ACTIVITY >> Give the listing again character for character, but drop the images.

INFORMATION GIVEN >>
BEGIN

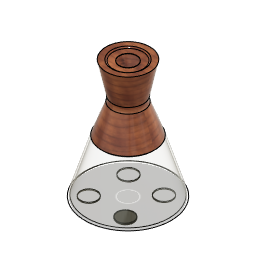
forme-maj-2023-12-19-c-ache v3 (Autodesk Fusion 360 design; units mm, degrees)
Autodesk Fusion 360 part; units mm, degrees
sketch "Esquisse1" plane through (0, 0, 0) normal (0, 0, 1) x (1, 0, 0)
  line L0 (0, 0) -> (-65, 0)
  line L1 (-65, 0) -> (-40, 80)
  line L2 (-40, 80) -> (0, 80)
  line L3 (0, 80) -> (0, 0)
  dimension "d1" = 65
  dimension "d2" = 40
  dimension "d3" = 80
  constraint coincident L0.start L3.end
  constraint horizontal L0
  constraint parallel L0 L2
  constraint perpendicular L0 L3
  measures "d1" distance of L0.start L0.end
  measures "d2" distance of L1.end L2.end
  measures "d3" vertical distance of L0.end L1.end
revolve "Révolution1" add sketch "Esquisse1" angle 360 about axis through (0, 80, 0) along (0, -1, 0) makes body 1
shell "Coque1" thickness 2 removed faces 1 at (0.2683, 80, 23.0112) on bodies 1
sketch "Esquisse2" plane through (0, 0, 0) normal (0, 0, 1) x (1, 0, 0)
  line L0 (0, 80) -> (-40, 80)
  line L1 (-40, 80) -> (-23.7921, 123.9523)
  line L2 (-23.1854, 132.2222) -> (-33, 179)
  line L3 (-33, 179) -> (0, 179)
  line L4 (0, 179) -> (0, 80)
  arc A0 (-23.7921, 123.9523) -> (-23.1854, 132.2222) centre (-37.8657, 129.1421) ccw
  point P0 (-22.2995, 128)
  dimension "d6" = 33
  dimension "d7" = 40
  dimension "d8" = 48
  dimension "d9" = 51
  dimension "d10" = 15
  constraint horizontal L0
  constraint horizontal L3
  constraint perpendicular L0 L4
  constraint coincident P0 L1
  constraint coincident P0 L2
  constraint tangent L1 A0
  constraint tangent L2 A0
  measures "d6" distance of L2.end L3.end
  measures "d7" distance of L0.start L0.end
  measures "d8" vertical distance of L0.end P0
  measures "d9" vertical distance of P0 L2.end
  measures "d10" radius of A0
revolve "Révolution2" add sketch "Esquisse2" angle 360 about axis through (0, 179, 0) along (0, -1, 0) separate body makes body 2
sketch "Esquisse3" plane through (0, 0, 0) normal (0, 0, 1) x (1, 0, 0)
  line L0 (-38, 80) -> (-38, 78)
  line L1 (-38, 78) -> (0, 78)
  line L2 (0, 78) -> (0, 80)
  line L3 (0, 80) -> (-38, 80)
  dimension "d12" = 2
  dimension "d13" = 38
  constraint vertical L0
  constraint perpendicular L0 L1
  constraint perpendicular L1 L2
  constraint perpendicular L0 L3
  measures "d12" distance of L0.start L0.end
  measures "d13" distance of L0.end L1.end
revolve "Révolution3" add sketch "Esquisse3" angle 360 about axis through (0, 1.75, 0) along (0, 1, 0) bodies 2
shell "Coque2" thickness 2 removed faces 1 at (-1.7057, 78, 19.7328) on bodies 2
hole "Perçage1" at (0, 179, 0) direction (0, -1, 0) diameter 26.5 depth 60 tip angle 180 counterbore diameter 45 counterbore depth 1.5 bodies 2
fillet "Congé1" radius 2.5 1 edges at (8.1363, 179, -20.9774) on bodies 2
hole "Perçage2" at (26.5907, 0, 30.5784) direction (0, 1, 0) diameter 25 depth 1.5 tip angle 180 bodies 1
hole "Perçage3" at (-26.5801, 0, -27.296) direction (0, 1, 0) diameter 25 depth 1.5 tip angle 180 bodies 1
hole "Perçage4" at (27.1994, 0, -27.296) direction (0, 1, 0) diameter 25 depth 1.5 tip angle 180 bodies 1
hole "Perçage6" at (-28.6252, 0, 30.7829) direction (0, 1, 0) diameter 25 depth 1.5 tip angle 180 bodies 1
sketch "Esquisse4" plane through (0, 0, 0) normal (0, 1, 0) x (1, 0, 0)
  circle A0 centre (0, 0) radius 12
  dimension "d38" = 24
  constraint coincident A0.centre origin
  measures "d38" diameter of A0
extrude "Extrusion1" add sketch "Esquisse4" along normal blind 2 separate body makes body 3
move_body "Déplacer1" bodies 3 to x (1, 0, 0) y (0, 1, 0) z (0, 0, 1) at (26.6, 0, 30.5)
move_body "Déplacer2" bodies 3 to x (1, 0, 0) y (0, 1, 0) z (0, 0, 1) at (0, -1, 0)
sketch "Esquisse5" plane through (0, 0, 0) normal (0, 1, 0) x (1, 0, 0)
  circle A0 centre (0, 0) radius 12
  dimension "d41" = 24
  constraint coincident A0.centre origin
  measures "d41" diameter of A0
equation "d13 = 40 mm - 2 mm"
named bodies: "Partie basse Pion résine", "Partie haute Pion bois", "Feutre anti derape"

END

WRITTEN RESPONSE >>
forme-maj-2023-12-19-c-ache v3 (Autodesk Fusion 360 design; units mm, degrees)
Autodesk Fusion 360 part; units mm, degrees
sketch "Esquisse1" plane through (0, 0, 0) normal (0, 0, 1) x (1, 0, 0)
  line L0 (0, 0) -> (-65, 0)
  line L1 (-65, 0) -> (-40, 80)
  line L2 (-40, 80) -> (0, 80)
  line L3 (0, 80) -> (0, 0)
  dimension "d1" = 65
  dimension "d2" = 40
  dimension "d3" = 80
  constraint coincident L0.start L3.end
  constraint horizontal L0
  constraint parallel L0 L2
  constraint perpendicular L0 L3
  measures "d1" distance of L0.start L0.end
  measures "d2" distance of L1.end L2.end
  measures "d3" vertical distance of L0.end L1.end
revolve "Révolution1" add sketch "Esquisse1" angle 360 about axis through (0, 80, 0) along (0, -1, 0) makes body 1
shell "Coque1" thickness 2 removed faces 1 at (0.2683, 80, 23.0112) on bodies 1
sketch "Esquisse2" plane through (0, 0, 0) normal (0, 0, 1) x (1, 0, 0)
  line L0 (0, 80) -> (-40, 80)
  line L1 (-40, 80) -> (-23.7921, 123.9523)
  line L2 (-23.1854, 132.2222) -> (-33, 179)
  line L3 (-33, 179) -> (0, 179)
  line L4 (0, 179) -> (0, 80)
  arc A0 (-23.7921, 123.9523) -> (-23.1854, 132.2222) centre (-37.8657, 129.1421) ccw
  point P0 (-22.2995, 128)
  dimension "d6" = 33
  dimension "d7" = 40
  dimension "d8" = 48
  dimension "d9" = 51
  dimension "d10" = 15
  constraint horizontal L0
  constraint horizontal L3
  constraint perpendicular L0 L4
  constraint coincident P0 L1
  constraint coincident P0 L2
  constraint tangent L1 A0
  constraint tangent L2 A0
  measures "d6" distance of L2.end L3.end
  measures "d7" distance of L0.start L0.end
  measures "d8" vertical distance of L0.end P0
  measures "d9" vertical distance of P0 L2.end
  measures "d10" radius of A0
revolve "Révolution2" add sketch "Esquisse2" angle 360 about axis through (0, 179, 0) along (0, -1, 0) separate body makes body 2
sketch "Esquisse3" plane through (0, 0, 0) normal (0, 0, 1) x (1, 0, 0)
  line L0 (-38, 80) -> (-38, 78)
  line L1 (-38, 78) -> (0, 78)
  line L2 (0, 78) -> (0, 80)
  line L3 (0, 80) -> (-38, 80)
  dimension "d12" = 2
  dimension "d13" = 38
  constraint vertical L0
  constraint perpendicular L0 L1
  constraint perpendicular L1 L2
  constraint perpendicular L0 L3
  measures "d12" distance of L0.start L0.end
  measures "d13" distance of L0.end L1.end
revolve "Révolution3" add sketch "Esquisse3" angle 360 about axis through (0, 1.75, 0) along (0, 1, 0) bodies 2
shell "Coque2" thickness 2 removed faces 1 at (-1.7057, 78, 19.7328) on bodies 2
hole "Perçage1" at (0, 179, 0) direction (0, -1, 0) diameter 26.5 depth 60 tip angle 180 counterbore diameter 45 counterbore depth 1.5 bodies 2
fillet "Congé1" radius 2.5 1 edges at (8.1363, 179, -20.9774) on bodies 2
hole "Perçage2" at (26.5907, 0, 30.5784) direction (0, 1, 0) diameter 25 depth 1.5 tip angle 180 bodies 1
hole "Perçage3" at (-26.5801, 0, -27.296) direction (0, 1, 0) diameter 25 depth 1.5 tip angle 180 bodies 1
hole "Perçage4" at (27.1994, 0, -27.296) direction (0, 1, 0) diameter 25 depth 1.5 tip angle 180 bodies 1
hole "Perçage6" at (-28.6252, 0, 30.7829) direction (0, 1, 0) diameter 25 depth 1.5 tip angle 180 bodies 1
sketch "Esquisse4" plane through (0, 0, 0) normal (0, 1, 0) x (1, 0, 0)
  circle A0 centre (0, 0) radius 12
  dimension "d38" = 24
  constraint coincident A0.centre origin
  measures "d38" diameter of A0
extrude "Extrusion1" add sketch "Esquisse4" along normal blind 2 separate body makes body 3
move_body "Déplacer1" bodies 3 to x (1, 0, 0) y (0, 1, 0) z (0, 0, 1) at (26.6, 0, 30.5)
move_body "Déplacer2" bodies 3 to x (1, 0, 0) y (0, 1, 0) z (0, 0, 1) at (0, -1, 0)
sketch "Esquisse5" plane through (0, 0, 0) normal (0, 1, 0) x (1, 0, 0)
  circle A0 centre (0, 0) radius 12
  dimension "d41" = 24
  constraint coincident A0.centre origin
  measures "d41" diameter of A0
equation "d13 = 40 mm - 2 mm"
named bodies: "Partie basse Pion résine", "Partie haute Pion bois", "Feutre anti derape"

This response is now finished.